┌────────
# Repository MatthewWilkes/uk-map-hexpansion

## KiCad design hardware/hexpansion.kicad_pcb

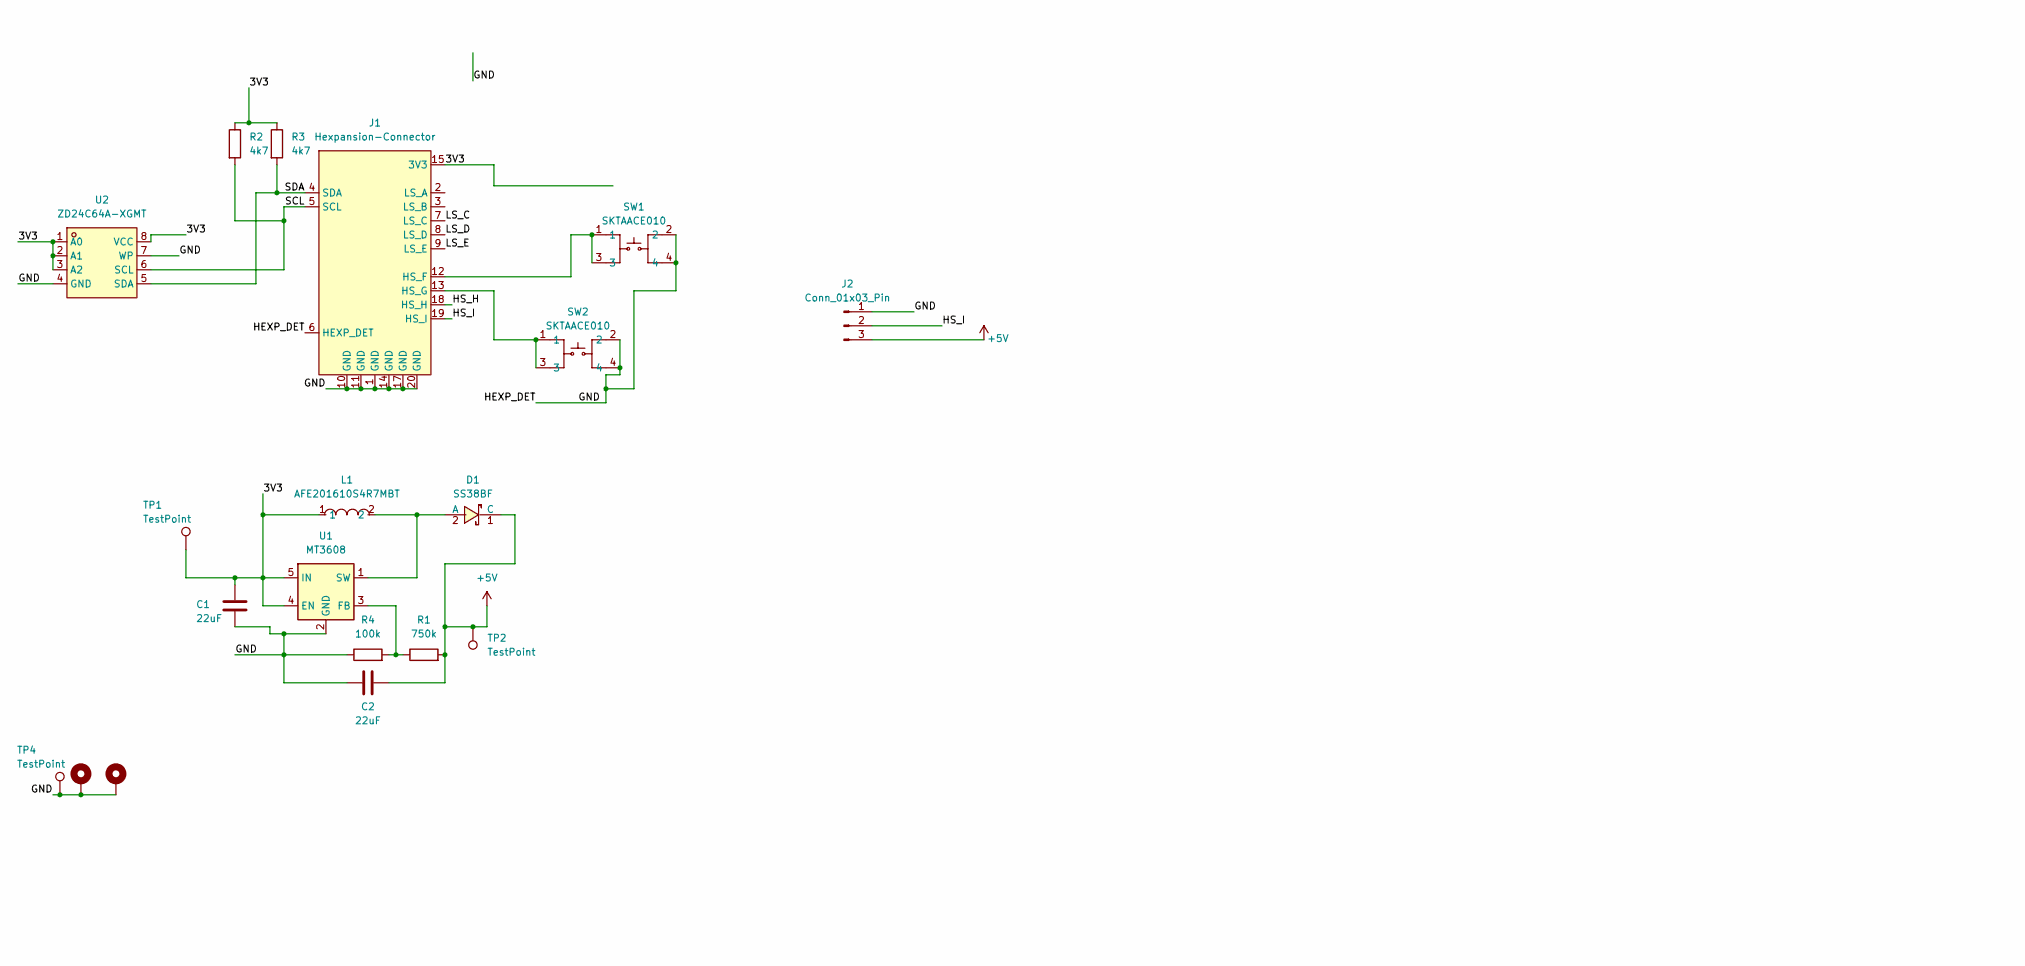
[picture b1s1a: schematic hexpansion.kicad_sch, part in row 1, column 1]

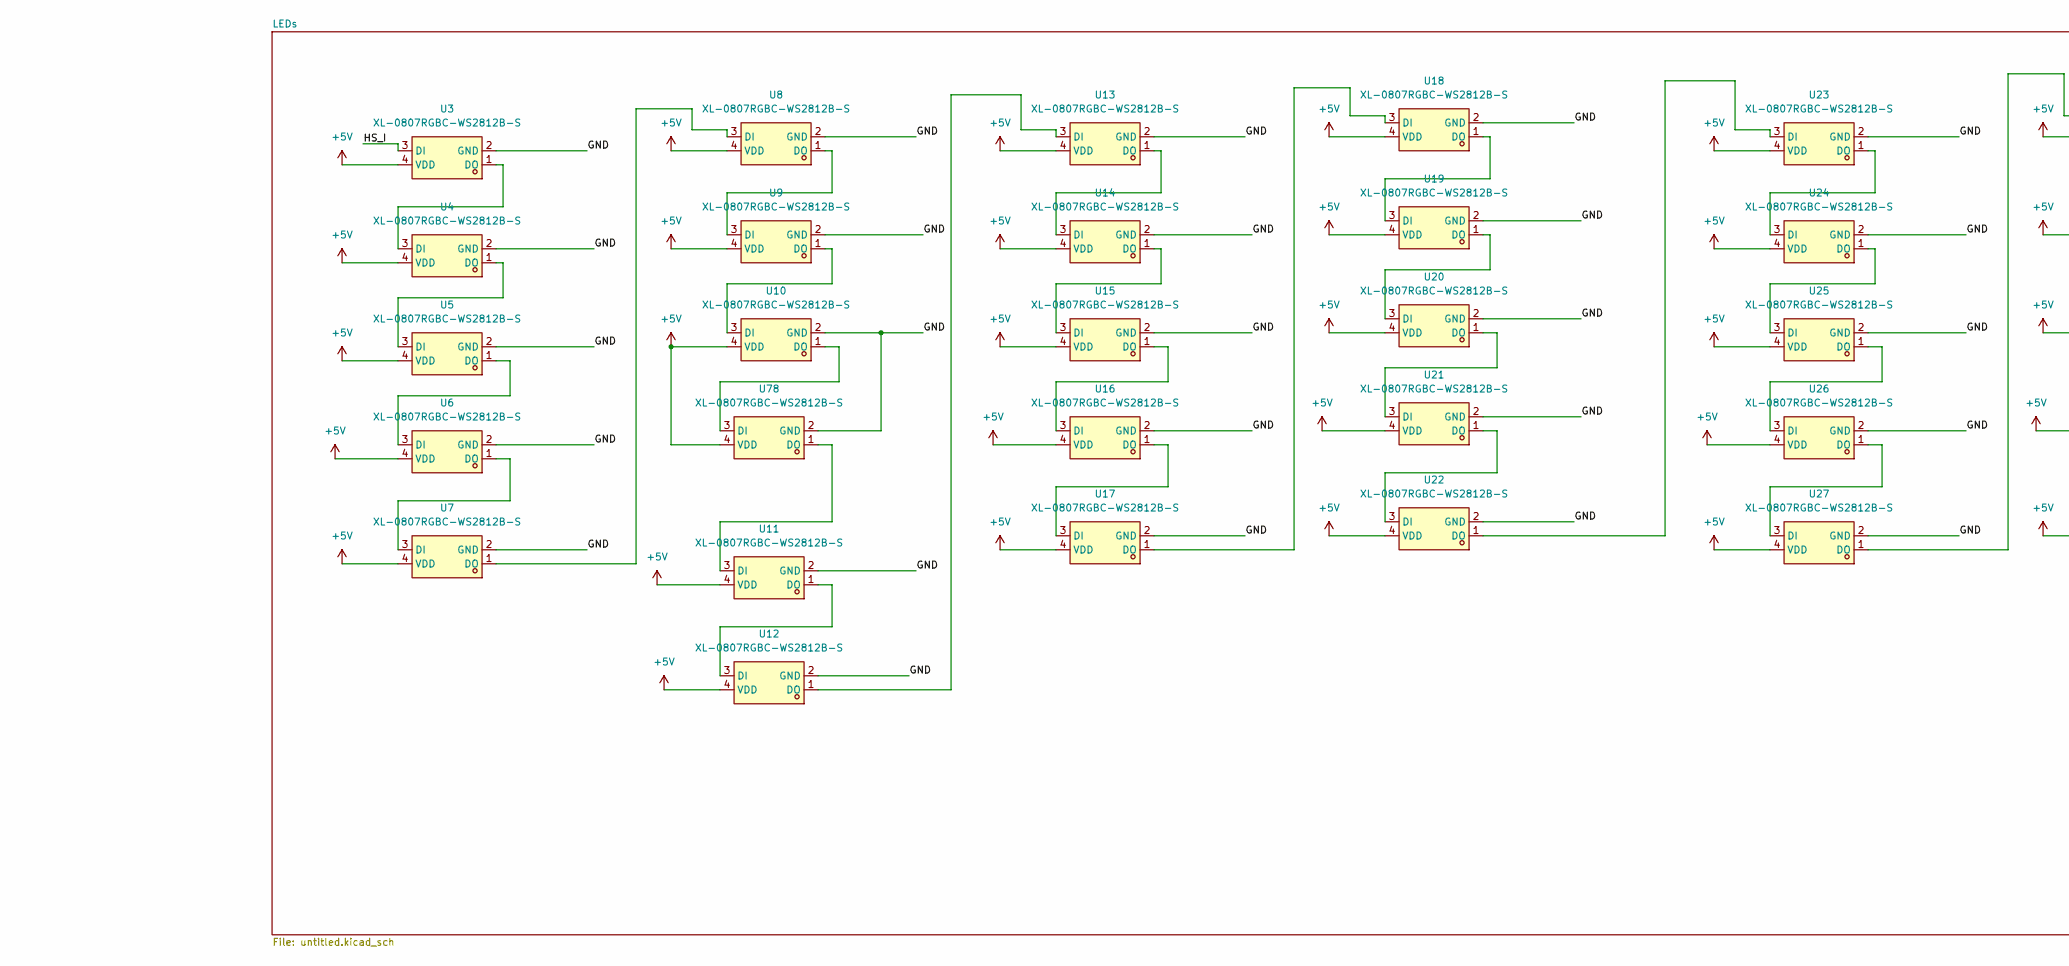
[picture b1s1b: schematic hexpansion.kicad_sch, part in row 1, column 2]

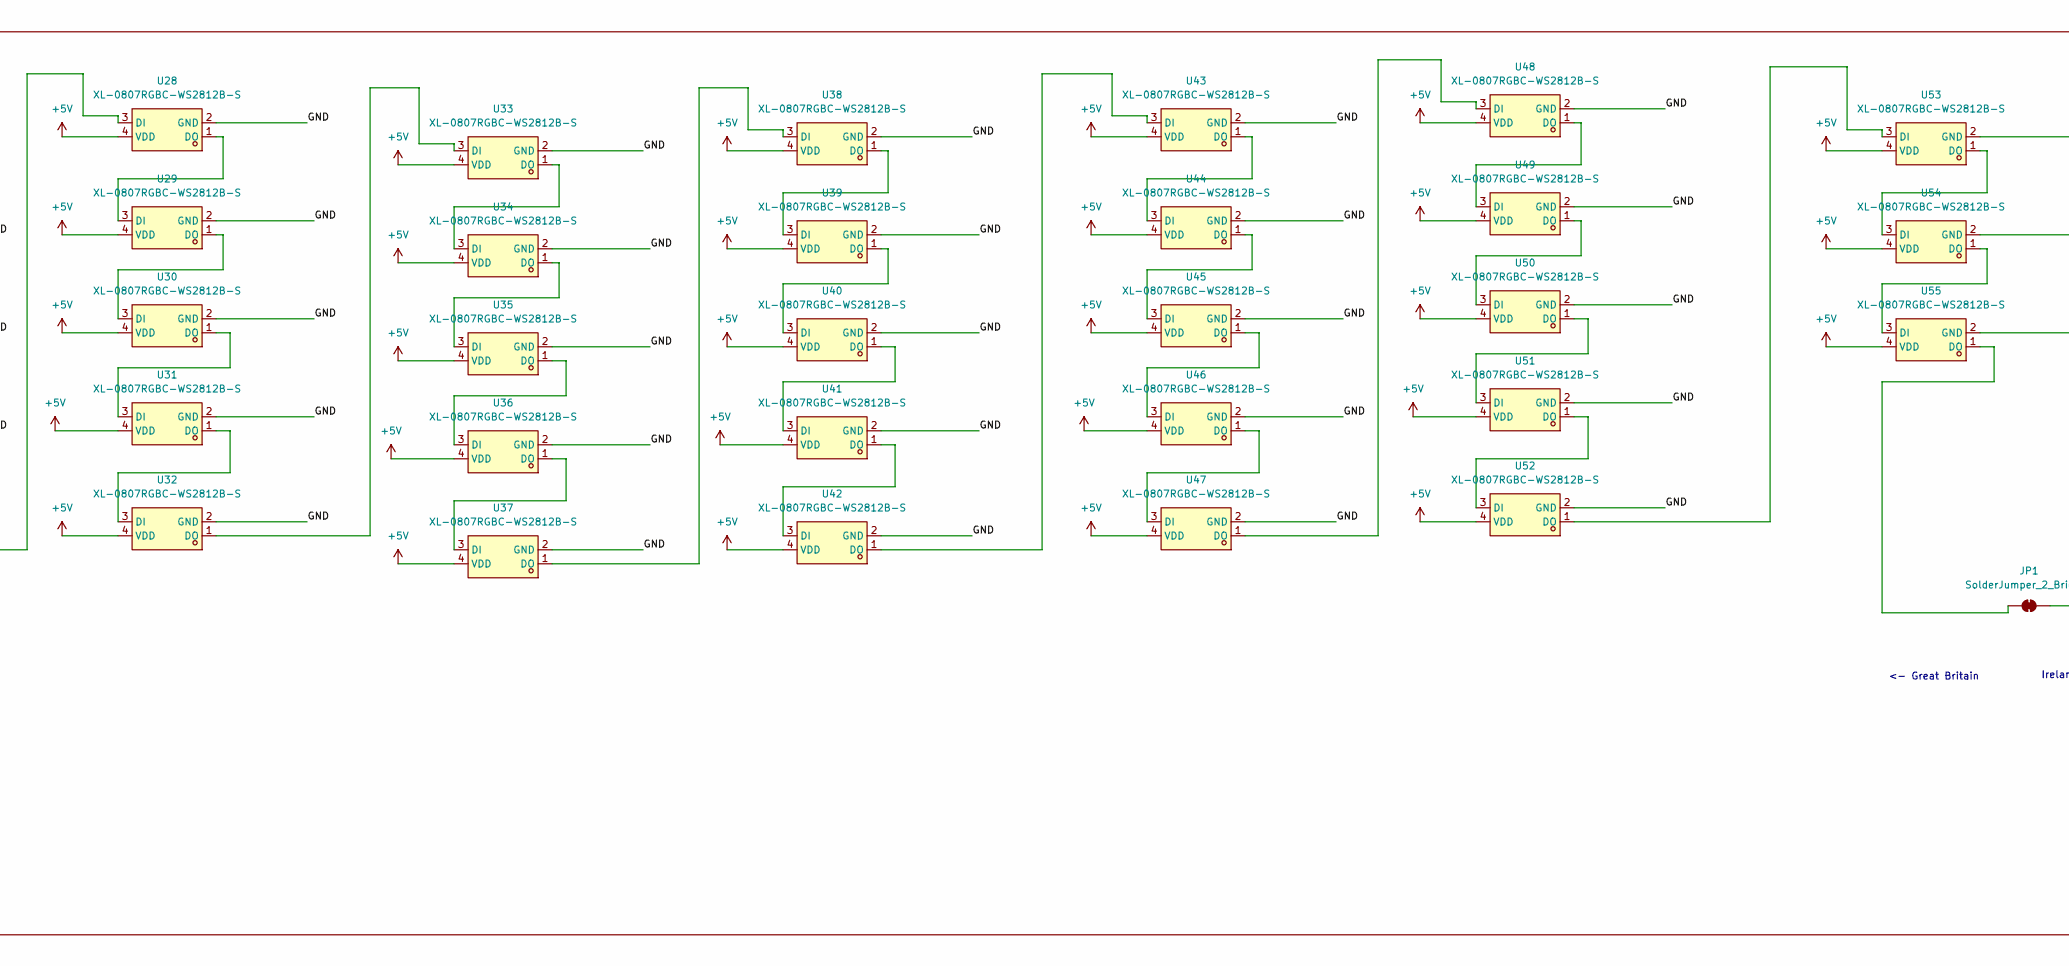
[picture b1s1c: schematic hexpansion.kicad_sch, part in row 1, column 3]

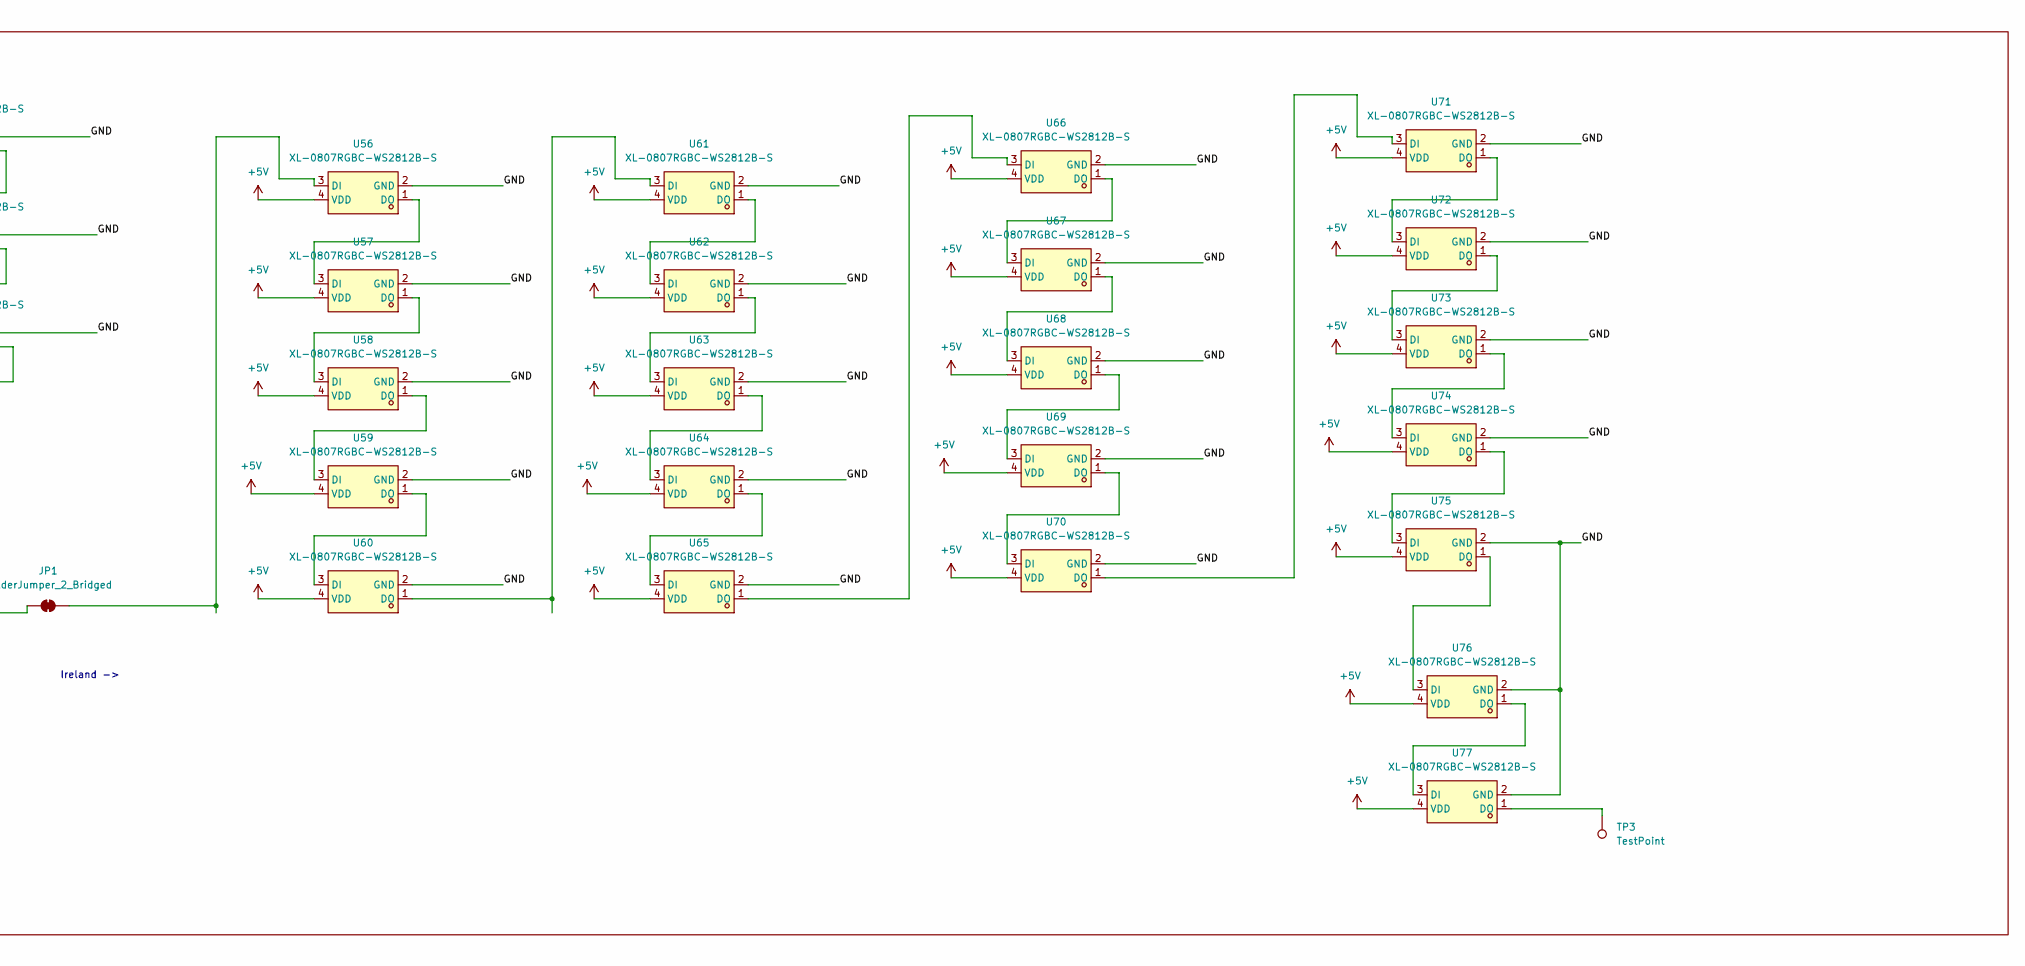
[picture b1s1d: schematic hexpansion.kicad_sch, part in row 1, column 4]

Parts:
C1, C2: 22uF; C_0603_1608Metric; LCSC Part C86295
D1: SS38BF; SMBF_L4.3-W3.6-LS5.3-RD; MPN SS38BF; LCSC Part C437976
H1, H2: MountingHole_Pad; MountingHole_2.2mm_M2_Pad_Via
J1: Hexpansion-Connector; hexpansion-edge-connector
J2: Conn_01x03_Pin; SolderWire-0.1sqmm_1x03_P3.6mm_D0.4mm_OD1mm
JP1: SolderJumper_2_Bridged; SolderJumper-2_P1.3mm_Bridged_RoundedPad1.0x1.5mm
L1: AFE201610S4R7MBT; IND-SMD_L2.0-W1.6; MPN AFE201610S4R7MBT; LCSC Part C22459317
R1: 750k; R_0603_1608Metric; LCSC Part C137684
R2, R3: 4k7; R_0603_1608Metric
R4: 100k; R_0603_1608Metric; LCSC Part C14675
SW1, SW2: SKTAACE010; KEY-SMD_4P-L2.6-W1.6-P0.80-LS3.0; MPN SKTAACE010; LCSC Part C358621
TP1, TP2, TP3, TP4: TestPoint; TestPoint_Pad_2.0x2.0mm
└────────
WORK REQUEST: What lines in the data include the string "column"? Copy each one.

EXERCISE ANSWER:
[picture b1s1a: schematic hexpansion.kicad_sch, part in row 1, column 1]
[picture b1s1b: schematic hexpansion.kicad_sch, part in row 1, column 2]
[picture b1s1c: schematic hexpansion.kicad_sch, part in row 1, column 3]
[picture b1s1d: schematic hexpansion.kicad_sch, part in row 1, column 4]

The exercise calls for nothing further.